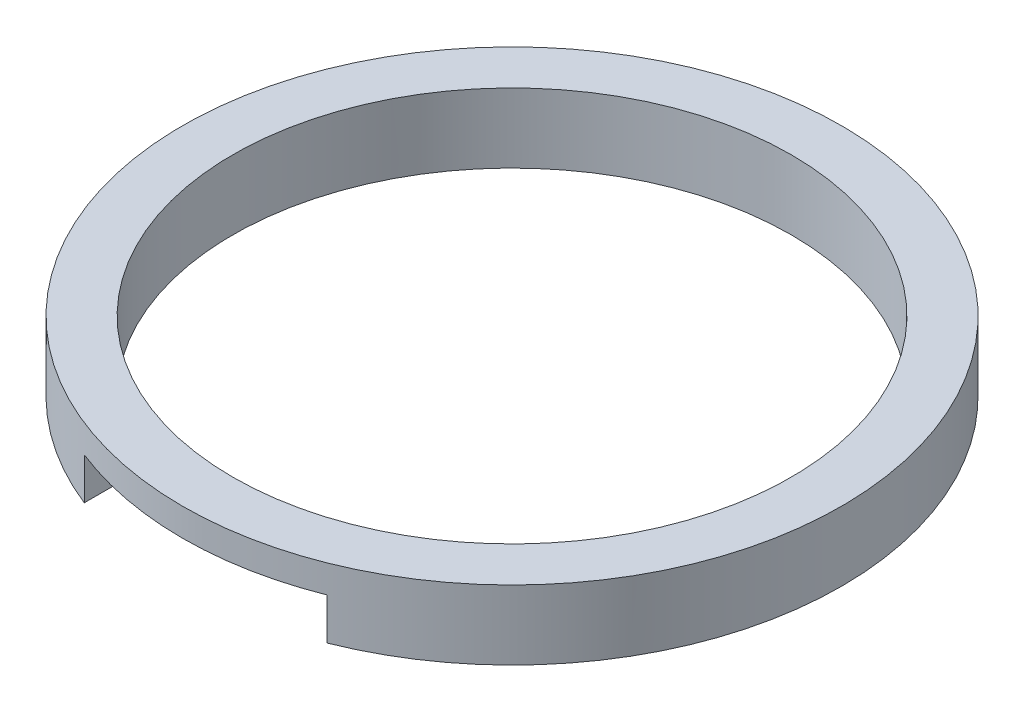
from build123d import *

# Parameters (mm, degrees)
SKETCH1_R           = 9.5
BOSS_EXTRUDE1_DEPTH = 2
SKETCH2_R           = 8.05
CUT_EXTRUDE1_DEPTH  = 3
CUT_EXTRUDE2_DEPTH  = 1.2


with BuildPart() as part:
    # Sketch1 → Boss-Extrude1 (new body)
    with BuildSketch(Plane(origin=(0, 0, 0), x_dir=(1, 0, 0), z_dir=(0, 1, 0))):
        Circle(SKETCH1_R)
    extrude(amount=BOSS_EXTRUDE1_DEPTH)

    # Sketch2 → Cut-Extrude1 (cut, through all)
    with BuildSketch(Plane(origin=(0, 2, 0), x_dir=(1, 0, 0), z_dir=(0, 1, 0))):
        Circle(SKETCH2_R)
    extrude(amount=-CUT_EXTRUDE1_DEPTH, mode=Mode.SUBTRACT)

    # Sketch3 → Cut-Extrude2 (cut)
    with BuildSketch(Plane.XZ):
        with BuildLine():
            Line((-3.5, 7.249310312), (-3.5, 8.831760866))
            ThreePointArc((-3.5, 8.831760866), (0, 9.5), (3.5, 8.831760866))
            Line((3.5, 8.831760866), (3.5, 7.249310312))
            ThreePointArc((3.5, 7.249310312), (0, 8.05), (-3.5, 7.249310312))
        make_face()
    extrude(amount=-CUT_EXTRUDE2_DEPTH, mode=Mode.SUBTRACT)


solid = part.part
-*-
**What you have to do:**
Return the entries above exactly as they appear. Pictures should not be copied.

**Exercise solution:**
from build123d import *

# Parameters (mm, degrees)
SKETCH1_R           = 9.5
BOSS_EXTRUDE1_DEPTH = 2
SKETCH2_R           = 8.05
CUT_EXTRUDE1_DEPTH  = 3
CUT_EXTRUDE2_DEPTH  = 1.2


with BuildPart() as part:
    # Sketch1 → Boss-Extrude1 (new body)
    with BuildSketch(Plane(origin=(0, 0, 0), x_dir=(1, 0, 0), z_dir=(0, 1, 0))):
        Circle(SKETCH1_R)
    extrude(amount=BOSS_EXTRUDE1_DEPTH)

    # Sketch2 → Cut-Extrude1 (cut, through all)
    with BuildSketch(Plane(origin=(0, 2, 0), x_dir=(1, 0, 0), z_dir=(0, 1, 0))):
        Circle(SKETCH2_R)
    extrude(amount=-CUT_EXTRUDE1_DEPTH, mode=Mode.SUBTRACT)

    # Sketch3 → Cut-Extrude2 (cut)
    with BuildSketch(Plane.XZ):
        with BuildLine():
            Line((-3.5, 7.249310312), (-3.5, 8.831760866))
            ThreePointArc((-3.5, 8.831760866), (0, 9.5), (3.5, 8.831760866))
            Line((3.5, 8.831760866), (3.5, 7.249310312))
            ThreePointArc((3.5, 7.249310312), (0, 8.05), (-3.5, 7.249310312))
        make_face()
    extrude(amount=-CUT_EXTRUDE2_DEPTH, mode=Mode.SUBTRACT)


solid = part.part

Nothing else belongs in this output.